═════ Data shown ═════

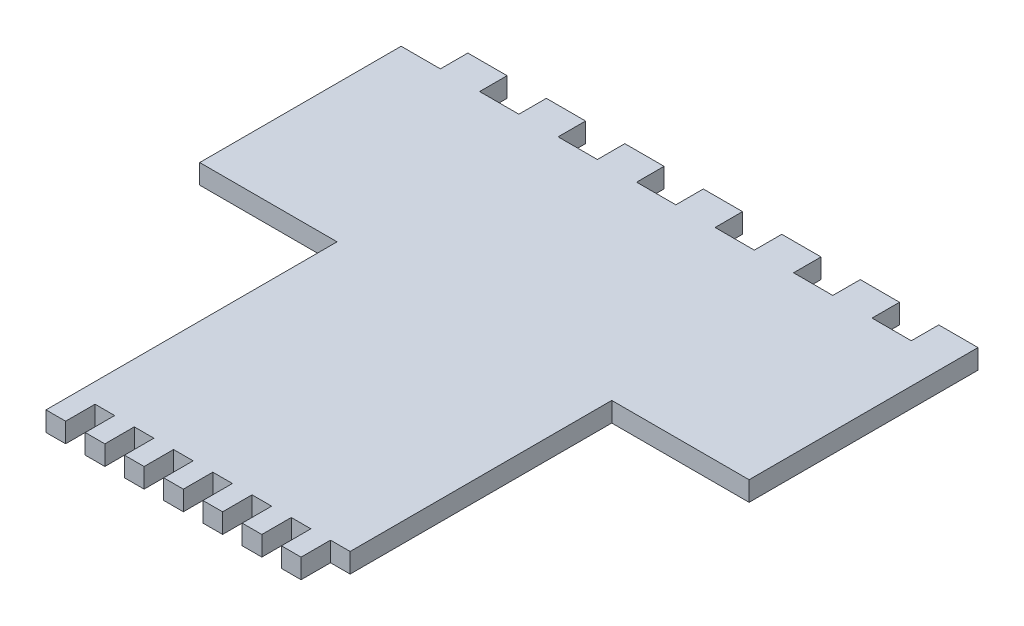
ISO-10303-21;
HEADER;
FILE_DESCRIPTION(('STEP AP214'),'2;1');
FILE_NAME('part.step','',(''),(''),'','','');
FILE_SCHEMA(('AUTOMOTIVE_DESIGN { 1 0 10303 214 1 1 1 1 }'));
ENDSEC;
DATA;
#1=APPLICATION_CONTEXT('core data for automotive mechanical design processes');
#2=APPLICATION_PROTOCOL_DEFINITION('international standard','automotive_design',2000,#1);
#3=PRODUCT_CONTEXT('',#1,'mechanical');
#4=PRODUCT('Part','Part','',(#3));
#5=PRODUCT_RELATED_PRODUCT_CATEGORY('part','',(#4));
#6=PRODUCT_DEFINITION_FORMATION('','',#4);
#7=PRODUCT_DEFINITION_CONTEXT('part definition',#1,'design');
#8=PRODUCT_DEFINITION('design','',#6,#7);
#9=PRODUCT_DEFINITION_SHAPE('','',#8);
#10=(LENGTH_UNIT() NAMED_UNIT(*) SI_UNIT(.MILLI.,.METRE.));
#11=(NAMED_UNIT(*) PLANE_ANGLE_UNIT() SI_UNIT($,.RADIAN.));
#12=(NAMED_UNIT(*) SI_UNIT($,.STERADIAN.) SOLID_ANGLE_UNIT());
#13=UNCERTAINTY_MEASURE_WITH_UNIT(LENGTH_MEASURE(1.E-05),#10,'distance_accuracy_value','');
#14=(GEOMETRIC_REPRESENTATION_CONTEXT(3) GLOBAL_UNCERTAINTY_ASSIGNED_CONTEXT((#13)) GLOBAL_UNIT_ASSIGNED_CONTEXT((#10,
#11,#12)) REPRESENTATION_CONTEXT('',''));
#15=CARTESIAN_POINT('',(0.,0.,0.));
#16=DIRECTION('',(0.,0.,1.));
#17=DIRECTION('',(1.,0.,0.));
#18=AXIS2_PLACEMENT_3D('',#15,#16,#17);
#19=CARTESIAN_POINT('',(-193.139013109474,-12.7,158.75));
#20=DIRECTION('',(0.,1.,0.));
#21=DIRECTION('',(0.,0.,1.));
#22=AXIS2_PLACEMENT_3D('',#19,#20,#21);
#23=PLANE('',#22);
#24=DIRECTION('',(0.,0.,-1.));
#25=VECTOR('',#24,1.);
#26=CARTESIAN_POINT('',(304.799999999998,-12.7,158.750000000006));
#27=LINE('',#26,#25);
#28=CARTESIAN_POINT('',(304.8,-12.7,17.78));
#29=VERTEX_POINT('',#28);
#30=CARTESIAN_POINT('',(304.8,-12.7,0.));
#31=VERTEX_POINT('',#30);
#32=EDGE_CURVE('E438',#29,#31,#27,.T.);
#33=ORIENTED_EDGE('',*,*,#32,.F.);
#34=DIRECTION('',(1.,0.,0.));
#35=VECTOR('',#34,1.);
#36=CARTESIAN_POINT('',(-193.139013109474,-12.7,17.78));
#37=LINE('',#36,#35);
#38=CARTESIAN_POINT('',(330.2,-12.7,17.78));
#39=VERTEX_POINT('',#38);
#40=EDGE_CURVE('E440',#29,#39,#37,.T.);
#41=ORIENTED_EDGE('',*,*,#40,.T.);
#42=DIRECTION('',(0.,0.,-1.));
#43=VECTOR('',#42,1.);
#44=CARTESIAN_POINT('',(330.199999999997,-12.7,158.750000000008));
#45=LINE('',#44,#43);
#46=CARTESIAN_POINT('',(330.2,-12.7,0.));
#47=VERTEX_POINT('',#46);
#48=EDGE_CURVE('E415',#39,#47,#45,.T.);
#49=ORIENTED_EDGE('',*,*,#48,.T.);
#50=DIRECTION('',(1.,0.,0.));
#51=VECTOR('',#50,1.);
#52=CARTESIAN_POINT('',(-193.139013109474,-12.7,0.));
#53=LINE('',#52,#51);
#54=CARTESIAN_POINT('',(355.6,-12.7,0.));
#55=VERTEX_POINT('',#54);
#56=EDGE_CURVE('E790',#47,#55,#53,.T.);
#57=ORIENTED_EDGE('',*,*,#56,.T.);
#58=DIRECTION('',(0.,0.,1.));
#59=VECTOR('',#58,1.);
#60=CARTESIAN_POINT('',(355.6,-12.7,158.75));
#61=LINE('',#60,#59);
#62=CARTESIAN_POINT('',(355.6,-12.7,148.1582));
#63=VERTEX_POINT('',#62);
#64=EDGE_CURVE('E850',#55,#63,#61,.T.);
#65=ORIENTED_EDGE('',*,*,#64,.T.);
#66=DIRECTION('',(1.,0.,0.));
#67=VECTOR('',#66,1.);
#68=CARTESIAN_POINT('',(-193.139013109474,-12.7,148.1582));
#69=LINE('',#68,#67);
#70=CARTESIAN_POINT('',(266.7,-12.7,148.1582));
#71=VERTEX_POINT('',#70);
#72=EDGE_CURVE('E852',#71,#63,#69,.T.);
#73=ORIENTED_EDGE('',*,*,#72,.F.);
#74=DIRECTION('',(0.,0.,1.));
#75=VECTOR('',#74,1.);
#76=CARTESIAN_POINT('',(266.7,-12.7,158.75));
#77=LINE('',#76,#75);
#78=CARTESIAN_POINT('',(266.7,-12.7,317.5));
#79=VERTEX_POINT('',#78);
#80=EDGE_CURVE('E855',#71,#79,#77,.T.);
#81=ORIENTED_EDGE('',*,*,#80,.T.);
#82=DIRECTION('',(1.,0.,0.));
#83=VECTOR('',#82,1.);
#84=CARTESIAN_POINT('',(-193.139013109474,-12.7,317.5));
#85=LINE('',#84,#83);
#86=CARTESIAN_POINT('',(254.,-12.7,317.5));
#87=VERTEX_POINT('',#86);
#88=EDGE_CURVE('E842',#87,#79,#85,.T.);
#89=ORIENTED_EDGE('',*,*,#88,.F.);
#90=DIRECTION('',(0.,0.,-1.));
#91=VECTOR('',#90,1.);
#92=CARTESIAN_POINT('',(254.,-12.7,336.55));
#93=LINE('',#92,#91);
#94=CARTESIAN_POINT('',(254.,-12.7,336.55));
#95=VERTEX_POINT('',#94);
#96=EDGE_CURVE('E593',#95,#87,#93,.T.);
#97=ORIENTED_EDGE('',*,*,#96,.F.);
#98=DIRECTION('',(1.,0.,0.));
#99=VECTOR('',#98,1.);
#100=CARTESIAN_POINT('',(177.791445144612,-12.7,336.55));
#101=LINE('',#100,#99);
#102=CARTESIAN_POINT('',(241.3,-12.7,336.55));
#103=VERTEX_POINT('',#102);
#104=EDGE_CURVE('E591',#103,#95,#101,.T.);
#105=ORIENTED_EDGE('',*,*,#104,.F.);
#106=DIRECTION('',(0.,0.,-1.));
#107=VECTOR('',#106,1.);
#108=CARTESIAN_POINT('',(241.3,-12.7,336.55));
#109=LINE('',#108,#107);
#110=CARTESIAN_POINT('',(241.3,-12.7,317.5));
#111=VERTEX_POINT('',#110);
#112=EDGE_CURVE('E599',#103,#111,#109,.T.);
#113=ORIENTED_EDGE('',*,*,#112,.T.);
#114=CARTESIAN_POINT('',(228.6,-12.7,317.5));
#115=VERTEX_POINT('',#114);
#116=EDGE_CURVE('E838',#115,#111,#85,.T.);
#117=ORIENTED_EDGE('',*,*,#116,.F.);
#118=DIRECTION('',(0.,0.,-1.));
#119=VECTOR('',#118,1.);
#120=CARTESIAN_POINT('',(228.6,-12.7,354.510512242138));
#121=LINE('',#120,#119);
#122=CARTESIAN_POINT('',(228.6,-12.7,336.55));
#123=VERTEX_POINT('',#122);
#124=EDGE_CURVE('E560',#123,#115,#121,.T.);
#125=ORIENTED_EDGE('',*,*,#124,.F.);
#126=DIRECTION('',(1.,0.,0.));
#127=VECTOR('',#126,1.);
#128=CARTESIAN_POINT('',(215.9,-12.7,336.55));
#129=LINE('',#128,#127);
#130=CARTESIAN_POINT('',(215.9,-12.7,336.55));
#131=VERTEX_POINT('',#130);
#132=EDGE_CURVE('E569',#131,#123,#129,.T.);
#133=ORIENTED_EDGE('',*,*,#132,.F.);
#134=DIRECTION('',(0.,0.,-1.));
#135=VECTOR('',#134,1.);
#136=CARTESIAN_POINT('',(215.9,-12.7,354.510512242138));
#137=LINE('',#136,#135);
#138=CARTESIAN_POINT('',(215.9,-12.7,317.5));
#139=VERTEX_POINT('',#138);
#140=EDGE_CURVE('E564',#131,#139,#137,.T.);
#141=ORIENTED_EDGE('',*,*,#140,.T.);
#142=CARTESIAN_POINT('',(203.2,-12.7,317.5));
#143=VERTEX_POINT('',#142);
#144=EDGE_CURVE('E921',#143,#139,#85,.T.);
#145=ORIENTED_EDGE('',*,*,#144,.F.);
#146=DIRECTION('',(0.,0.,-1.));
#147=VECTOR('',#146,1.);
#148=CARTESIAN_POINT('',(203.2,-12.7,336.55));
#149=LINE('',#148,#147);
#150=CARTESIAN_POINT('',(203.2,-12.7,336.55));
#151=VERTEX_POINT('',#150);
#152=EDGE_CURVE('E619',#151,#143,#149,.T.);
#153=ORIENTED_EDGE('',*,*,#152,.F.);
#154=DIRECTION('',(1.,0.,0.));
#155=VECTOR('',#154,1.);
#156=CARTESIAN_POINT('',(177.791445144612,-12.7,336.55));
#157=LINE('',#156,#155);
#158=CARTESIAN_POINT('',(190.5,-12.7,336.55));
#159=VERTEX_POINT('',#158);
#160=EDGE_CURVE('E617',#159,#151,#157,.T.);
#161=ORIENTED_EDGE('',*,*,#160,.F.);
#162=DIRECTION('',(0.,0.,-1.));
#163=VECTOR('',#162,1.);
#164=CARTESIAN_POINT('',(190.5,-12.7,336.55));
#165=LINE('',#164,#163);
#166=CARTESIAN_POINT('',(190.5,-12.7,317.5));
#167=VERTEX_POINT('',#166);
#168=EDGE_CURVE('E624',#159,#167,#165,.T.);
#169=ORIENTED_EDGE('',*,*,#168,.T.);
#170=CARTESIAN_POINT('',(177.8,-12.7,317.5));
#171=VERTEX_POINT('',#170);
#172=EDGE_CURVE('E1564',#171,#167,#85,.T.);
#173=ORIENTED_EDGE('',*,*,#172,.F.);
#174=DIRECTION('',(0.,0.,-1.));
#175=VECTOR('',#174,1.);
#176=CARTESIAN_POINT('',(177.8,-12.7,336.55));
#177=LINE('',#176,#175);
#178=CARTESIAN_POINT('',(177.8,-12.7,336.55));
#179=VERTEX_POINT('',#178);
#180=EDGE_CURVE('E643',#179,#171,#177,.T.);
#181=ORIENTED_EDGE('',*,*,#180,.F.);
#182=DIRECTION('',(1.,0.,0.));
#183=VECTOR('',#182,1.);
#184=CARTESIAN_POINT('',(177.791445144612,-12.7,336.55));
#185=LINE('',#184,#183);
#186=CARTESIAN_POINT('',(165.1,-12.7,336.55));
#187=VERTEX_POINT('',#186);
#188=EDGE_CURVE('E641',#187,#179,#185,.T.);
#189=ORIENTED_EDGE('',*,*,#188,.F.);
#190=DIRECTION('',(0.,0.,-1.));
#191=VECTOR('',#190,1.);
#192=CARTESIAN_POINT('',(165.1,-12.7,336.55));
#193=LINE('',#192,#191);
#194=CARTESIAN_POINT('',(165.1,-12.7,317.5));
#195=VERTEX_POINT('',#194);
#196=EDGE_CURVE('E648',#187,#195,#193,.T.);
#197=ORIENTED_EDGE('',*,*,#196,.T.);
#198=CARTESIAN_POINT('',(152.4,-12.7,317.5));
#199=VERTEX_POINT('',#198);
#200=EDGE_CURVE('E1566',#199,#195,#85,.T.);
#201=ORIENTED_EDGE('',*,*,#200,.F.);
#202=DIRECTION('',(0.,0.,-1.));
#203=VECTOR('',#202,1.);
#204=CARTESIAN_POINT('',(152.4,-12.7,336.55));
#205=LINE('',#204,#203);
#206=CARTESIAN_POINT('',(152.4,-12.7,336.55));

═════

Problem to work on: Output, from the data above, the lines from the line with "#139=VERTEX_POINT('',#138);" to the line with "#201=ORIENTED_EDGE('',*,*,#200,.F.);" exactly as they stand, both ends included and nothing else.

Answer to this exercise:
#139=VERTEX_POINT('',#138);
#140=EDGE_CURVE('E564',#131,#139,#137,.T.);
#141=ORIENTED_EDGE('',*,*,#140,.T.);
#142=CARTESIAN_POINT('',(203.2,-12.7,317.5));
#143=VERTEX_POINT('',#142);
#144=EDGE_CURVE('E921',#143,#139,#85,.T.);
#145=ORIENTED_EDGE('',*,*,#144,.F.);
#146=DIRECTION('',(0.,0.,-1.));
#147=VECTOR('',#146,1.);
#148=CARTESIAN_POINT('',(203.2,-12.7,336.55));
#149=LINE('',#148,#147);
#150=CARTESIAN_POINT('',(203.2,-12.7,336.55));
#151=VERTEX_POINT('',#150);
#152=EDGE_CURVE('E619',#151,#143,#149,.T.);
#153=ORIENTED_EDGE('',*,*,#152,.F.);
#154=DIRECTION('',(1.,0.,0.));
#155=VECTOR('',#154,1.);
#156=CARTESIAN_POINT('',(177.791445144612,-12.7,336.55));
#157=LINE('',#156,#155);
#158=CARTESIAN_POINT('',(190.5,-12.7,336.55));
#159=VERTEX_POINT('',#158);
#160=EDGE_CURVE('E617',#159,#151,#157,.T.);
#161=ORIENTED_EDGE('',*,*,#160,.F.);
#162=DIRECTION('',(0.,0.,-1.));
#163=VECTOR('',#162,1.);
#164=CARTESIAN_POINT('',(190.5,-12.7,336.55));
#165=LINE('',#164,#163);
#166=CARTESIAN_POINT('',(190.5,-12.7,317.5));
#167=VERTEX_POINT('',#166);
#168=EDGE_CURVE('E624',#159,#167,#165,.T.);
#169=ORIENTED_EDGE('',*,*,#168,.T.);
#170=CARTESIAN_POINT('',(177.8,-12.7,317.5));
#171=VERTEX_POINT('',#170);
#172=EDGE_CURVE('E1564',#171,#167,#85,.T.);
#173=ORIENTED_EDGE('',*,*,#172,.F.);
#174=DIRECTION('',(0.,0.,-1.));
#175=VECTOR('',#174,1.);
#176=CARTESIAN_POINT('',(177.8,-12.7,336.55));
#177=LINE('',#176,#175);
#178=CARTESIAN_POINT('',(177.8,-12.7,336.55));
#179=VERTEX_POINT('',#178);
#180=EDGE_CURVE('E643',#179,#171,#177,.T.);
#181=ORIENTED_EDGE('',*,*,#180,.F.);
#182=DIRECTION('',(1.,0.,0.));
#183=VECTOR('',#182,1.);
#184=CARTESIAN_POINT('',(177.791445144612,-12.7,336.55));
#185=LINE('',#184,#183);
#186=CARTESIAN_POINT('',(165.1,-12.7,336.55));
#187=VERTEX_POINT('',#186);
#188=EDGE_CURVE('E641',#187,#179,#185,.T.);
#189=ORIENTED_EDGE('',*,*,#188,.F.);
#190=DIRECTION('',(0.,0.,-1.));
#191=VECTOR('',#190,1.);
#192=CARTESIAN_POINT('',(165.1,-12.7,336.55));
#193=LINE('',#192,#191);
#194=CARTESIAN_POINT('',(165.1,-12.7,317.5));
#195=VERTEX_POINT('',#194);
#196=EDGE_CURVE('E648',#187,#195,#193,.T.);
#197=ORIENTED_EDGE('',*,*,#196,.T.);
#198=CARTESIAN_POINT('',(152.4,-12.7,317.5));
#199=VERTEX_POINT('',#198);
#200=EDGE_CURVE('E1566',#199,#195,#85,.T.);
#201=ORIENTED_EDGE('',*,*,#200,.F.);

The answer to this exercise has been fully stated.